Развратный эллинский сопляк не ведал, привыкши с древности ко всяким вольностям небожителей, какая буря творилась в душе его соотечественницы. Она не могла себе позволить порадовать мужчину, а ей тяжело было видеть возлюбленного немощным хотя бы одну минуту. Она была уверена, что это потрясет его, человека старых правил, и наверняка вызовет у него неуважение к ней. И хотя часто, ласкаясь, она подводила его к такому моменту, когда с его стороны было достаточно намека на призыв, но он или вообще не знал об этой игре любви, или же считал ее уделом совершенно падших женщин. И помыслить не мог, что она возможна в их отношениях. Еще более умиленная, она взглянула на него, потом взгрустнула и заплакала.
Она не решалась и с Матутой, потому что опять же боялась жигана. Как-то она намекнула ему в постели, что подруга, дескать, признавалась ей, что они с мужем ни в чем себя не ограничивают. «Я тоже это слыхал, сказал Матута вдруг отвердевшим голосом. — Вешать надо таких прошмандовок!» И она, испуганная, выкинула это из головы. И естественно, не могла этого сделать с мужем, с которым отношения были что называется простым исполнением супружеской обязанности.

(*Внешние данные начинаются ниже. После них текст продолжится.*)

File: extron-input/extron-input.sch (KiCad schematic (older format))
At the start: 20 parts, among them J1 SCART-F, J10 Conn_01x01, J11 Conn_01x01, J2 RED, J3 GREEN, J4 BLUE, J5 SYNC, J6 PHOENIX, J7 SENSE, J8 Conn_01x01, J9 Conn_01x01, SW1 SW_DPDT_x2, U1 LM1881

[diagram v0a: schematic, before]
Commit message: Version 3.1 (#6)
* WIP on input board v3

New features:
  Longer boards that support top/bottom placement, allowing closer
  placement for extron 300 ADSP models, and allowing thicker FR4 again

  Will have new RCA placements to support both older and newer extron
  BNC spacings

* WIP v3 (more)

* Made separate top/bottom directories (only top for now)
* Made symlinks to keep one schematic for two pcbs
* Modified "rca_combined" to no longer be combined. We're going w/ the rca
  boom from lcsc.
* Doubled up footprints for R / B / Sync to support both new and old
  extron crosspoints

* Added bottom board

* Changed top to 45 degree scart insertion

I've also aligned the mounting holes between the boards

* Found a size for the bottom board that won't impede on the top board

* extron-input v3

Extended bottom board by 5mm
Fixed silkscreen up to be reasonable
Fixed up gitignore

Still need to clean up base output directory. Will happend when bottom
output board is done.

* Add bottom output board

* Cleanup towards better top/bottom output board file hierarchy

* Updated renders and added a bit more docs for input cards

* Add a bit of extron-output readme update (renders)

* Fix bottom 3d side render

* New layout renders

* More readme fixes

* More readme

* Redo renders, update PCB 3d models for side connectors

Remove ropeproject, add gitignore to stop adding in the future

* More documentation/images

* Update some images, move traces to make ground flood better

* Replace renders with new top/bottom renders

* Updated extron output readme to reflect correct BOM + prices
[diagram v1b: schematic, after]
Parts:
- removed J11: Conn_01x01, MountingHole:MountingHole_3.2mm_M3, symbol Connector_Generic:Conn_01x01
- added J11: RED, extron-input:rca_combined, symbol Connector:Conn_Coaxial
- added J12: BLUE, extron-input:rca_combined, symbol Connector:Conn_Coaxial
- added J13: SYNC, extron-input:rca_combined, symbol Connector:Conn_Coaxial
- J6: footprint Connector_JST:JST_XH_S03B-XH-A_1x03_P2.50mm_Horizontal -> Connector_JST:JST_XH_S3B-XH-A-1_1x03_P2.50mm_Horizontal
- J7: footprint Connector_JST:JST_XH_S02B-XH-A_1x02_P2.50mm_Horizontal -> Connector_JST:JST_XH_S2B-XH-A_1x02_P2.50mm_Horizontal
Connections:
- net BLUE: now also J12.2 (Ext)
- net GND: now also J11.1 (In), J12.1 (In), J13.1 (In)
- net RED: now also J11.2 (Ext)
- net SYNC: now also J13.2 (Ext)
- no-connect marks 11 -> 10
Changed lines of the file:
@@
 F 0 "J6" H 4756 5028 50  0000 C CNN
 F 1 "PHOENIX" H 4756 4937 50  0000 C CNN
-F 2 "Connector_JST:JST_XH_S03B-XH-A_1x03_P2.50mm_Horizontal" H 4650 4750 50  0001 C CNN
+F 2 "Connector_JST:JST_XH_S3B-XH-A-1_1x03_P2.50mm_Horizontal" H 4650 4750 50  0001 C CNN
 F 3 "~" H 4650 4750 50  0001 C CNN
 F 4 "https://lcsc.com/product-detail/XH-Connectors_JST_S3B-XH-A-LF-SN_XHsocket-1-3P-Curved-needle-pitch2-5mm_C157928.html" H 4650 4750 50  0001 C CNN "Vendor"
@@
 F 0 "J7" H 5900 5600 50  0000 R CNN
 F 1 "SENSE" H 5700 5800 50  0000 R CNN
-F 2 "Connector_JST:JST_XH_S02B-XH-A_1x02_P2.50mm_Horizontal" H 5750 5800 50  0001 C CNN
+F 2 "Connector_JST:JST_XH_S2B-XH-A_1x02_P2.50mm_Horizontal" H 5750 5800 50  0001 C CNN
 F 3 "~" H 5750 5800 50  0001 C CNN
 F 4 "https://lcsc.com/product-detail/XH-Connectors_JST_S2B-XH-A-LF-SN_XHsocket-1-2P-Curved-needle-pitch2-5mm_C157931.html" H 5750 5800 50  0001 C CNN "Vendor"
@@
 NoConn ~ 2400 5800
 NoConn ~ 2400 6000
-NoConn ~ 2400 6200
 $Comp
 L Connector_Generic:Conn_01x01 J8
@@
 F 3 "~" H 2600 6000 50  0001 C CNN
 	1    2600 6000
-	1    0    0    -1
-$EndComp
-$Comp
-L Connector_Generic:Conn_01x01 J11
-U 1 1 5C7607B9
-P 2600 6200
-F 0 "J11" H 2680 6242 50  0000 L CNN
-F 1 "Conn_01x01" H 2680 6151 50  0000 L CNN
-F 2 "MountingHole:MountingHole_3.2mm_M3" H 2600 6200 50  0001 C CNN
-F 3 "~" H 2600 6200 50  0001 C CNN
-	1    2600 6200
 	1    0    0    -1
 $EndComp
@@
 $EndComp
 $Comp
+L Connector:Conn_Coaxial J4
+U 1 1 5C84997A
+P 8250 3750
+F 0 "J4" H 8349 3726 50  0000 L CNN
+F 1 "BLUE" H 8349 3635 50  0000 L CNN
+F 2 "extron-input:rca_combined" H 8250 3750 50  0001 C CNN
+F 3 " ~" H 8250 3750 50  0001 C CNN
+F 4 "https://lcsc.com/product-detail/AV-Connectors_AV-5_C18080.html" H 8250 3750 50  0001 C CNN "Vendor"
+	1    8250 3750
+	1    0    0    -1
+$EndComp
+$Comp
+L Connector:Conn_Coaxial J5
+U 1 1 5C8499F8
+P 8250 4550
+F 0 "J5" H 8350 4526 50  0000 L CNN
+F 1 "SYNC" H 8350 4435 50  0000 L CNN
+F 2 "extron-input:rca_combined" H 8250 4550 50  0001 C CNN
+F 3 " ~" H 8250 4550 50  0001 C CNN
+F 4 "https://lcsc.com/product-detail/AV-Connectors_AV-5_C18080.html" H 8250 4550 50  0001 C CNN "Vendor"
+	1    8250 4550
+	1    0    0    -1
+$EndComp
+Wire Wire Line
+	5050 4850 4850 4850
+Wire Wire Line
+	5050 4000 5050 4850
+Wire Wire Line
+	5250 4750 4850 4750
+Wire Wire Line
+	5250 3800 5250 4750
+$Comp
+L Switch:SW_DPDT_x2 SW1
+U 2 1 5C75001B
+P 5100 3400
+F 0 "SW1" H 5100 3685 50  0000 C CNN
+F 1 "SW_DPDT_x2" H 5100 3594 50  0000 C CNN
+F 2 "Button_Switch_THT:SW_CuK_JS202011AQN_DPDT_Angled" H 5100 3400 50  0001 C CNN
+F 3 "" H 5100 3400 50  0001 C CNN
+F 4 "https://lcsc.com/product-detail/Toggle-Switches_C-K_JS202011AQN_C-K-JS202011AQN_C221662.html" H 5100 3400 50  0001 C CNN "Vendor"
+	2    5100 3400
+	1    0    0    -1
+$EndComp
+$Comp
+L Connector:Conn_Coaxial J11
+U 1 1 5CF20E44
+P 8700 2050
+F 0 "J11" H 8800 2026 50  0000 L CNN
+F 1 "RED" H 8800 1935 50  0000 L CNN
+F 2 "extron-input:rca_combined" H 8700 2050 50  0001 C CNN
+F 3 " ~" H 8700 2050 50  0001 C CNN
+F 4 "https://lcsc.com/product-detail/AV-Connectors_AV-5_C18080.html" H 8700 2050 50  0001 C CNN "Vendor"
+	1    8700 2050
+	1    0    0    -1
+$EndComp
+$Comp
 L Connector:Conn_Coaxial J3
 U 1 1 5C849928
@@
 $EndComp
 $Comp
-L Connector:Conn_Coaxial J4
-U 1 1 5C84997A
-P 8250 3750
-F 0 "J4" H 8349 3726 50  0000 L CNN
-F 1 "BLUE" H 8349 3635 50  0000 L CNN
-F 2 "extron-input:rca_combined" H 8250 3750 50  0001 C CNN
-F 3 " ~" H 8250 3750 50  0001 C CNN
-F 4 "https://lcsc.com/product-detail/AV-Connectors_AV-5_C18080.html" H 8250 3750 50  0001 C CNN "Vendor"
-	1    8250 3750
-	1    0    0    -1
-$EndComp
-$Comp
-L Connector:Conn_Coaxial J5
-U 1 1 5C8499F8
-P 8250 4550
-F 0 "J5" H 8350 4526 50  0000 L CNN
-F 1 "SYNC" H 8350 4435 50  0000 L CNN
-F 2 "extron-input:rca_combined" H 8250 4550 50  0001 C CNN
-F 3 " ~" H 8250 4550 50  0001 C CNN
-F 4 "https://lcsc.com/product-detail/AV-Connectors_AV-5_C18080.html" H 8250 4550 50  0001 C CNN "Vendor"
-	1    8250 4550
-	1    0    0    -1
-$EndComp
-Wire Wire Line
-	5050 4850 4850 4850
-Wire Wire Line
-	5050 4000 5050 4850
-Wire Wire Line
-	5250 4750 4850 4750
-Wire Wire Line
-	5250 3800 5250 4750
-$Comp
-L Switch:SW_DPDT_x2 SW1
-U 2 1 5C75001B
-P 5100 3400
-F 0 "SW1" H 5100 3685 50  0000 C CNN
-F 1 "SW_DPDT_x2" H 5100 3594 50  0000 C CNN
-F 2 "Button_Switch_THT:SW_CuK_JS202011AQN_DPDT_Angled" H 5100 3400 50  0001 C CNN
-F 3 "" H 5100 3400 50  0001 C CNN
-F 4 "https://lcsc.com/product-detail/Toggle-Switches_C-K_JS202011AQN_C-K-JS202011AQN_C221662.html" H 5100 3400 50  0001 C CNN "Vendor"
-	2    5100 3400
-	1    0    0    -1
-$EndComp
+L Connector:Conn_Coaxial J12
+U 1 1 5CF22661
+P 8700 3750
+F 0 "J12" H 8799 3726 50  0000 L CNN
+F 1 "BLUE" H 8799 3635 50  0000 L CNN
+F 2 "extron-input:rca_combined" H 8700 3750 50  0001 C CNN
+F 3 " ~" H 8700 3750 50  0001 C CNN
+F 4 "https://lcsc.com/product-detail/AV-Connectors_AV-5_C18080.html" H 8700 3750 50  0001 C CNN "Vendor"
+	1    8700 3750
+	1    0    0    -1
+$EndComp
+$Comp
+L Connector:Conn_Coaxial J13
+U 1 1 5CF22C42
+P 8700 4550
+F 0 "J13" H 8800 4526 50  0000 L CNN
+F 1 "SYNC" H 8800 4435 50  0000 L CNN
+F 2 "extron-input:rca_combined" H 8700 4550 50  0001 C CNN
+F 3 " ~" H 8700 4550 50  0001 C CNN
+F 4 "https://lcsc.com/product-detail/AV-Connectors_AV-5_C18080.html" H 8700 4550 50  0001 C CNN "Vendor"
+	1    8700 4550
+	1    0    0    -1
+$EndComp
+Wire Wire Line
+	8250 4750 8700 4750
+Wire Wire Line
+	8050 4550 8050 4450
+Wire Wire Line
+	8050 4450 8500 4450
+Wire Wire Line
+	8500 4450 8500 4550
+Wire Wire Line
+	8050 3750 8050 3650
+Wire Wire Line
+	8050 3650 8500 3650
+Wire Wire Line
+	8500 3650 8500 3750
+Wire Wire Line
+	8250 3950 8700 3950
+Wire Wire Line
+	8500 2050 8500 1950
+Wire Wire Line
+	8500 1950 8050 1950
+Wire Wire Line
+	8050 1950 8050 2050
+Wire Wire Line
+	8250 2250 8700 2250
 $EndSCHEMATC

И она, осторожными пальцами водя по телу возлюбленного, грустила, плакала и медлила. Он проснулся. Провел рукой по ее волосам. В этом движении было столько тепла, что Джозефина захлебнулась от благодарности. Но тут же вскочив, Лагустанович стал одеваться.
— Вставай, вставай, мадам! — сказал он совершенно проснувшимся голосом. — Очень много дел!
Но она не обиделась. Только заскулила, потом, встав, прошлась перед ним, а когда добилась прощального Прямого Контакта, окончательно успокоилась, так что мальчик заскучал и ретировался.
Джозефина только облегченно вздохнула, когда наглый землячок ушел.
Теперь было в самый раз сунуть шефу треклятую бумагу. Заскулив и подставившись, она тут же, не мешкая, протянула шефу невесть откуда взявшееся заявление. Он пробежал глазами текст.
— Шельма! — сказал Лагустанович, сопровождая свое восклицание Прямым Контактом. — А что за имя Могель?